Système de recyclage des eaux usées d'électrolyte de batteries : guide d'ingénierie 2026

Ce qui rend les eaux usées d'électrolyte de batteries si difficiles à traiter

Les eaux usées d'électrolyte sont un problème à quatre contaminants, pas un flux unique. Le sel hexafluorophosphate de lithium (LiPF6) s'hydrolyse dès qu'une cellule usée est ouverte au-dessus du bassin d'égalisation, les carbonates organiques (EC, DMC, EMC) apparaissent comme une charge de DCO difficile, les additifs comme le carbonate de vinylène (VC) et le carbonate de fluoroéthylène (FEC) ajoutent une couche d'encrassement aux membranes aval, et le Li⁺ à l'état de traces plus les sels PF6⁻ résiduels complètent la matrice (AOT Battery, 2024). La conductivité se situe dans la fenêtre 15,000–25,000 µS/cm, et le rapport DBO5/DCO à 0,05–0,15 — bien en dessous du seuil 0,4 où les boues activées conventionnelles sont viables sans étape de pré-oxydation chimique (données de terrain Zhongsheng, 2026).

Le mécanisme d'hydrolyse est ce qui rend ces eaux usées uniques. Le LiPF6 réagit avec l'eau en deux étapes : LiPF6 + H2O → LiF↓ + PF5↑, puis PF5 + H2O → PO3F²⁻ + 2HF. Chaque mole de LiPF6 déversée depuis une cellule défectueuse peut donc libérer jusqu'à 5 moles d'espèces fluorées et faire chuter le pH sous 2, raison pour laquelle F⁻ grimpe à 1,500–4,000 mg/L dans les eaux brutes et pourquoi tout bassin béton sans revêtement chimiquement résistant (PEHD ou PRV) commence à se ramollir en moins de 18 mois (AOT Battery, 2024 ; brevet CNKI CN114560542A, 2024-11).

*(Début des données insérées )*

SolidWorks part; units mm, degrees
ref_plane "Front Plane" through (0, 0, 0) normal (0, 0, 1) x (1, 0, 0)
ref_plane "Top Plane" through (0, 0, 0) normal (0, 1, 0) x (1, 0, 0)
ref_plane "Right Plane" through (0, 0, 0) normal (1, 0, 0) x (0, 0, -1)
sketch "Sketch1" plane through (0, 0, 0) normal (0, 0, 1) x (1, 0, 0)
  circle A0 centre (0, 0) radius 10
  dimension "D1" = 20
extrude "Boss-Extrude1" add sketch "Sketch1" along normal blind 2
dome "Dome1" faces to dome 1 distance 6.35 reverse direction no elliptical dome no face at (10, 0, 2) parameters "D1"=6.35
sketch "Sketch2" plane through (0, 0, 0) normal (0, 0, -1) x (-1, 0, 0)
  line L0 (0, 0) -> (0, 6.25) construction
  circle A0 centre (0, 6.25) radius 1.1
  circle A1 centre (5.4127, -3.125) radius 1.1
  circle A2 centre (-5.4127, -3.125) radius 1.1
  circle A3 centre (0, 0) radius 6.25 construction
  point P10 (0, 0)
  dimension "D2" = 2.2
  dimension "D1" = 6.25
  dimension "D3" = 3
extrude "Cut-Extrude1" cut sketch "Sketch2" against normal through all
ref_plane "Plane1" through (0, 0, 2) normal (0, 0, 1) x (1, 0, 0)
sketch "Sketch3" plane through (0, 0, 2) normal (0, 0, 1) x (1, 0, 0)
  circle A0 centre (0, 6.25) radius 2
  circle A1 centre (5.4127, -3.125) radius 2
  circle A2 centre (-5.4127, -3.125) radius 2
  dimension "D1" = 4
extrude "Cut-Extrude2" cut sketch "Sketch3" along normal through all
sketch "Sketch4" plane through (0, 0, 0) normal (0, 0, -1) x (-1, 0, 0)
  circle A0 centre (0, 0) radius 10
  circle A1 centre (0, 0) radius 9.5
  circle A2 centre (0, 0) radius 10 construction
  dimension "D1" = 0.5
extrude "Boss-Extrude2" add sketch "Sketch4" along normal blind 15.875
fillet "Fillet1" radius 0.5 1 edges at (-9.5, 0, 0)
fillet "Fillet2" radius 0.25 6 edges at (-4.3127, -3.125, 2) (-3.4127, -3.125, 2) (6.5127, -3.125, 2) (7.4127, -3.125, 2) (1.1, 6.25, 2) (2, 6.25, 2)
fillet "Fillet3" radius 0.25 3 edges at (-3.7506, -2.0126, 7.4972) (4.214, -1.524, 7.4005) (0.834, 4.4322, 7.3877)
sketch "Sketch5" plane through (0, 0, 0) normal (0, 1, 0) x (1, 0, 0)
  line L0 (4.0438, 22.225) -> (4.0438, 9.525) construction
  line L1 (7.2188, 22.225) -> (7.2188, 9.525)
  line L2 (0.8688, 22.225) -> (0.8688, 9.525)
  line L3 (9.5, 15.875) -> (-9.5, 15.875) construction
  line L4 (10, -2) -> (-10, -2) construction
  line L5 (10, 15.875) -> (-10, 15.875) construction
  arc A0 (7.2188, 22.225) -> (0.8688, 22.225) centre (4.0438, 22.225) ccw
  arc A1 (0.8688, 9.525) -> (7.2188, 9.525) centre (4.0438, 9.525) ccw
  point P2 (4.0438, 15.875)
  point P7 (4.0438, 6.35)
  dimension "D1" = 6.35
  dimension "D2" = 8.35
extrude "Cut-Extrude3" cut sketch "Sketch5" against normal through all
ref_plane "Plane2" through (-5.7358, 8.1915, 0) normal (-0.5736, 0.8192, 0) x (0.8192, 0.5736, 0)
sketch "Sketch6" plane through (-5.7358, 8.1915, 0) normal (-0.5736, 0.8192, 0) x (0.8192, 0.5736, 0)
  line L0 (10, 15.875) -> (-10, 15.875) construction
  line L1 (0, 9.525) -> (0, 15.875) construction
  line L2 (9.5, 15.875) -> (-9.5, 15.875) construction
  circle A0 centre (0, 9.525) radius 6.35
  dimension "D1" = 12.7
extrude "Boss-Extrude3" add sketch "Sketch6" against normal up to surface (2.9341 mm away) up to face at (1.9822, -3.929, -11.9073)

Le faible rapport DBO/DCO est le signal opérationnel. Un ratio de 0,10 signifie qu'environ 90 % de la DCO n'est pas biodégradable à l'échelle de temps d'un bassin d'aération standard ; les carbonates organiques ne sont pas une nourriture pour les hétérotrophes, c'est un travail d'oxydation chimique. Ce fait dicte toute la filière aval.

Normes de rejet et de réutilisation 2026 que le système doit tenir

Deux enveloppes réglementaires gouvernent chaque appel d'offres dans ce domaine, et l'ingénieur doit choisir la plus stricte avant de spécifier le moindre bassin. La GB 39731-2020 chinoise fixe DCO ≤ 500 mg/L, DBO ≤ 300 mg/L, MES ≤ 400 mg/L, F⁻ ≤ 10 mg/L, NH3-N ≤ 45 mg/L, pH 6–9 pour le rejet direct de la fabrication électronique (selon les limites 2026 Chine GB 39731 de rejet des eaux usées de l'électronique). Les BAT-AEL de l'IED UE 2010/75/UE pour le traitement des batteries usagées fixent COT ≤ 60 mg/L et F⁻ ≤ 25 mg/L pour le rejet à l'égout. Lorsque l'eau produit de l'usine revient au rinçage des cellules, les lignes directrices EHS de la Banque mondiale pour la fabrication de batteries resserrent la spécification de réutilisation à une conductivité ≤ 250 µS/cm — un chiffre que seule une OI à deux passes peut garantir.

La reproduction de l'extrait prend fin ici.